Oleh : Guswarli Efendi, M.Pd.I
Ma’asyiral Muslimin rahimakumullah,
Dari atas mimbar khatib berwasiat kepada kita semua, terutama kepada diri khatib pribadi, untuk senantiasa berusaha meningkatkan kualitas keimanan dan ketakwaan kepada Allah swt dengan cara melaksanakan semua kewajiban dan menjauhkan diri dari seluruh yang diharamkan.
Kaum Muslimin yang berbahagia, Sabar adalah adat kebiasaan para nabi dan rasul. Sabar adalah permata yang menghiasi kehidupan para wali.
Sabar adalah mutiara bagi orang-orang shalih. Sabar adalah cahaya penerang bagi siapa pun yang menapaki jalan menuju kebahagiaan abadi di akhirat
Menurut Imam al-Ghazali, kata sabar dan berbagai kata turunannya disebutkan di lebih dari tujuh puluh tempat dalam Al-Qur’an.
Di antaranya adalah firman Allah ta’ala, artinya: ... Dan Kami pasti akan memberi balasan kepada orang yang sabar dengan pahala yang lebih baik dari apa yang telah mereka kerjakan, (QS an-Nahl: 96).

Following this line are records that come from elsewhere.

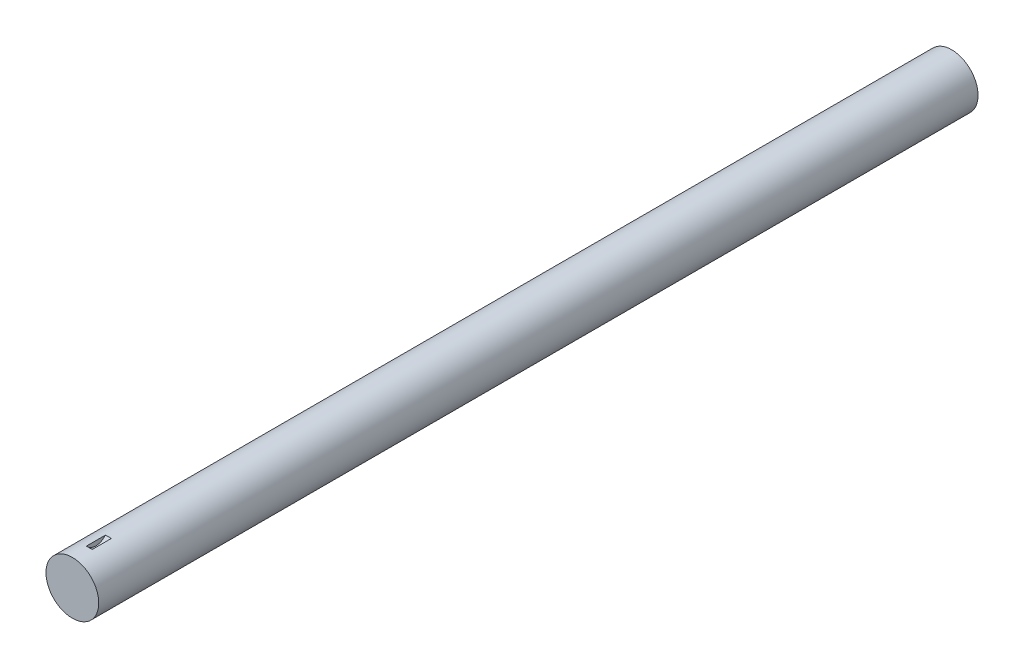
SolidWorks part; units mm, degrees
ref_plane "Front Plane" through (0, 0, 0) normal (0, 0, 1) x (1, 0, 0)
ref_plane "Top Plane" through (0, 0, 0) normal (0, 1, 0) x (1, 0, 0)
ref_plane "Right Plane" through (0, 0, 0) normal (1, 0, 0) x (0, 0, -1)
sketch "Sketch1" plane through (0, 0, 0) normal (0, 0, 1) x (1, 0, 0)
  circle A0 centre (0, 0) radius 9
extrude "Boss-Extrude1" add sketch "Sketch1" along normal mid plane 100
sketch "Sketch2" plane through (0, 0, 0) normal (1, 0, 0) x (0, 0, -1)
  line L2 (-45, 10.5) -> (-37, 10.5)
  line L4 (50, 9) -> (-50, 9) construction
  arc A0 (-45, 10.5) -> (-37, 10.5) centre (-41, 11.5) ccw
  dimension "D4" = 1.5
extrude "Cut-Extrude1" cut sketch "Sketch2" against normal mid plane 2
sketch "Sketch3" plane through (0, 0, -50) normal (0, 0, -1) x (-1, 0, 0)
  circle A0 centre (0, 0) radius 9
extrude "Boss-Extrude2" add sketch "Sketch3" along normal blind 200
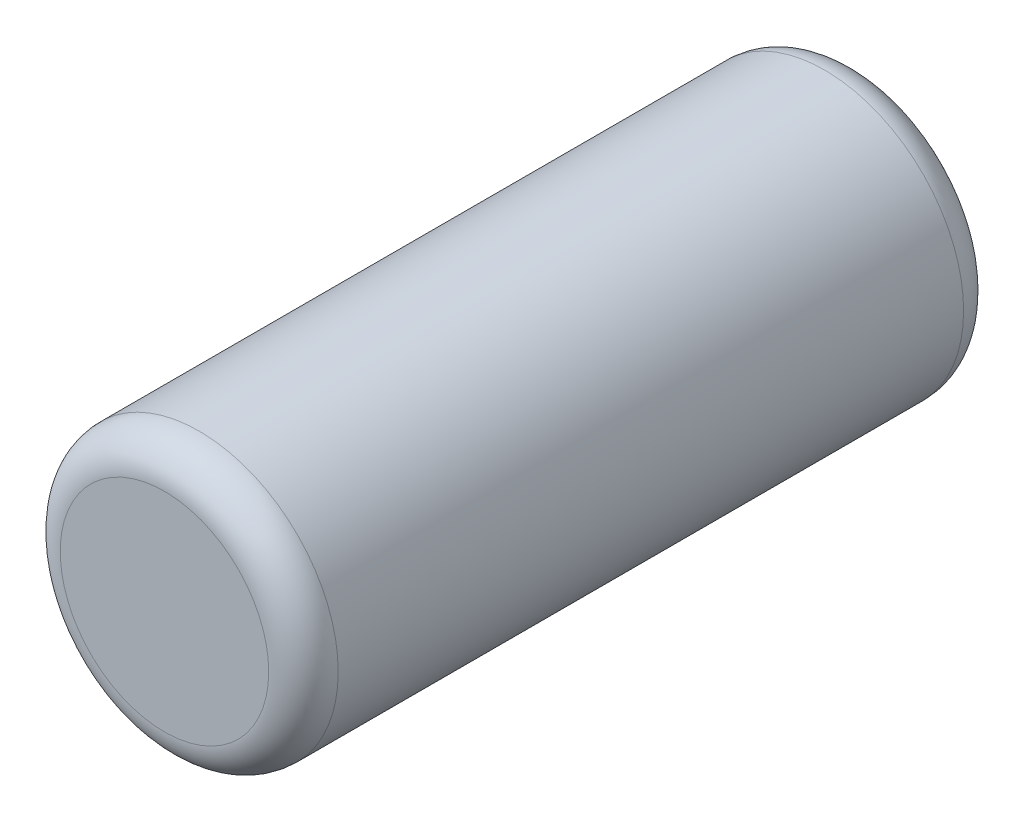
SolidWorks part; units mm, degrees
ref_plane "Plan de face" through (0, 0, 0) normal (0, 0, 1) x (1, 0, 0)
ref_plane "Plan de dessus" through (0, 0, 0) normal (0, 1, 0) x (1, 0, 0)
ref_plane "Plan de droite" through (0, 0, 0) normal (1, 0, 0) x (0, 0, -1)
sketch "Esquisse1" plane through (0, 0, 0) normal (0, 0, 1) x (1, 0, 0)
  circle A0 centre (0, 0) radius 4
  dimension "D1" = 8
extrude "Boss.-Extru.1" add sketch "Esquisse1" along normal blind 20
fillet "Congé1" radius 1 2 edges at (4, 0, 0) (4, 0, 20)
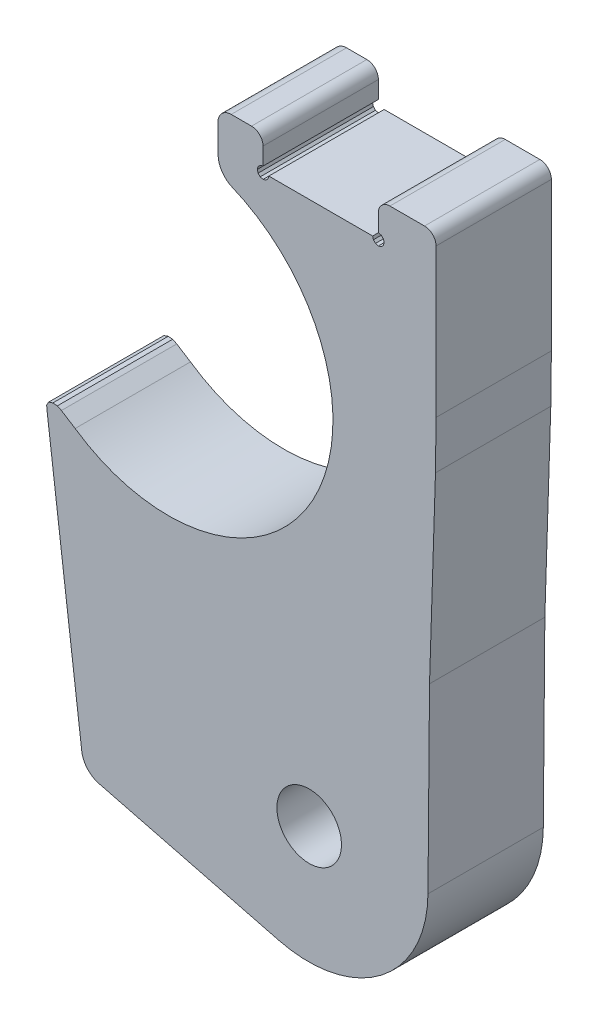
SolidWorks part; units mm, degrees
ref_plane "Plan de face" through (0, 0, 0) normal (0, 0, 1) x (1, 0, 0)
ref_plane "Plan de dessus" through (0, 0, 0) normal (0, 1, 0) x (1, 0, 0)
ref_plane "Plan de droite" through (0, 0, 0) normal (1, 0, 0) x (0, 0, -1)
ref_plane "Plan1" through (0, 0, 0) normal (0, 0, -1) x (-1, 0, 0)
sketch "Esquisse1" plane through (0, 0, 0) normal (0, 0, -1) x (-1, 0, 0)
  line L2 (-15.1858, 0.1703) -> (-7.3862, 2.1578)
  line L6 (-6.6409, 3.0026) -> (-5.1454, 14.9533)
  line L7 (-5.1454, 14.9533) -> (-5.1167, 15.2349)
  line L8 (-5.1167, 15.2349) -> (-5.2017, 15.388)
  line L9 (-5.2017, 15.388) -> (-5.3869, 15.451)
  line L10 (-5.3869, 15.451) -> (-5.5821, 15.4383)
  line L11 (-5.5821, 15.4383) -> (-5.7574, 15.3516)
  line L12 (-5.7574, 15.3516) -> (-6.3532, 14.9744)
  line L34 (-12.5529, 28.3574) -> (-12.5529, 29.6663)
  line L38 (-13.119, 30.15) -> (-14, 30.15)
  line L42 (-14.5, 29.65) -> (-14.5, 28.9)
  line L43 (-14.5, 28.9) -> (-14.375, 28.8665)
  line L44 (-14.375, 28.8665) -> (-14.2835, 28.775)
  line L45 (-14.2835, 28.775) -> (-14.25, 28.65)
  line L46 (-14.25, 28.65) -> (-14.2835, 28.525)
  line L47 (-14.2835, 28.525) -> (-14.375, 28.4335)
  line L48 (-14.375, 28.4335) -> (-14.5, 28.4)
  line L49 (-14.5, 28.4) -> (-14.625, 28.4335)
  line L50 (-14.625, 28.4335) -> (-14.7165, 28.525)
  line L51 (-14.7165, 28.525) -> (-14.75, 28.65)
  line L52 (-14.75, 28.65) -> (-19.25, 28.65)
  line L53 (-19.25, 28.65) -> (-19.2835, 28.525)
  line L54 (-19.2835, 28.525) -> (-19.375, 28.4335)
  line L55 (-19.375, 28.4335) -> (-19.5, 28.4)
  line L56 (-19.5, 28.4) -> (-19.625, 28.4335)
  line L57 (-19.625, 28.4335) -> (-19.7165, 28.525)
  line L58 (-19.7165, 28.525) -> (-19.75, 28.65)
  line L59 (-19.75, 28.65) -> (-19.7165, 28.775)
  line L60 (-19.7165, 28.775) -> (-19.625, 28.8665)
  line L61 (-19.625, 28.8665) -> (-19.5, 28.9)
  line L62 (-19.5, 28.9) -> (-19.5, 29.65)
  line L66 (-20, 30.15) -> (-21.5, 30.15)
  line L70 (-22, 29.65) -> (-22, 23.2122)
  line L71 (-22, 23.2122) -> (-21.9745, 21.1187)
  line L72 (-21.9745, 21.1187) -> (-21.7169, 13.0698)
  line L73 (-21.7169, 13.0698) -> (-21.65, 5.1502)
  circle A0 centre (-16.5004, 5.1149) radius 1.4
  arc A1 (-13.1272, 27.4526) -> (-6.3532, 14.9744) centre (-10.3925, 20.8594) ccw
  arc A2 (-19.5, 29.65) -> (-20, 30.15) centre (-20, 29.65) ccw
  arc A3 (-21.5, 30.15) -> (-22, 29.65) centre (-21.5, 29.65) ccw
  arc A4 (-21.65, 5.1502) -> (-15.1858, 0.1703) centre (-16.466, 5.194) ccw
  arc A5 (-7.3862, 2.1578) -> (-6.6409, 3.0026) centre (-7.6332, 3.1268) ccw
  arc A6 (-12.5529, 28.3574) -> (-13.1272, 27.4526) centre (-13.5529, 28.3574) cw
  arc A7 (-14.5, 29.65) -> (-14, 30.15) centre (-14, 29.65) cw
  arc A8 (-13.119, 30.15) -> (-12.5529, 29.6663) centre (-13.119, 29.5769) cw
  dimension "D1" = 2.8
  dimension "D2" = 14.2757
extrude "Boss.-Extru.1" add sketch "Esquisse1" against normal blind 5

Juga firman Allah ta’ala, artinya: Selamat sejahtera atasmu karena kesabaranmu. Maka alangkah nikmatnya tempat kesudahan itu, (QS ar-Ra’d: 24).
Hadirin rahimakumullah, seseorang yang memiliki sifat sabar bukan berarti ia pengecut, putus asa dan lemah dalam berucap, bertindak, dan mengambil keputusan.
Sabar hakikatnya adalah menahan diri dan memaksanya untuk menanggung sesuatu yang tidak disukainya, dan berpisah dengan sesuatu yang disenanginya.
Sabar yang merupakan salah satu kewajiban hati ada tiga macam, yaitu: Pertama, sabar dalam menjalankan ketaatan yang Allah wajibkan. Pada pagi hari yang suhu udarannya sangat dingin, misalkan, kita harus sabar dalam melaksanakan perintah Allah.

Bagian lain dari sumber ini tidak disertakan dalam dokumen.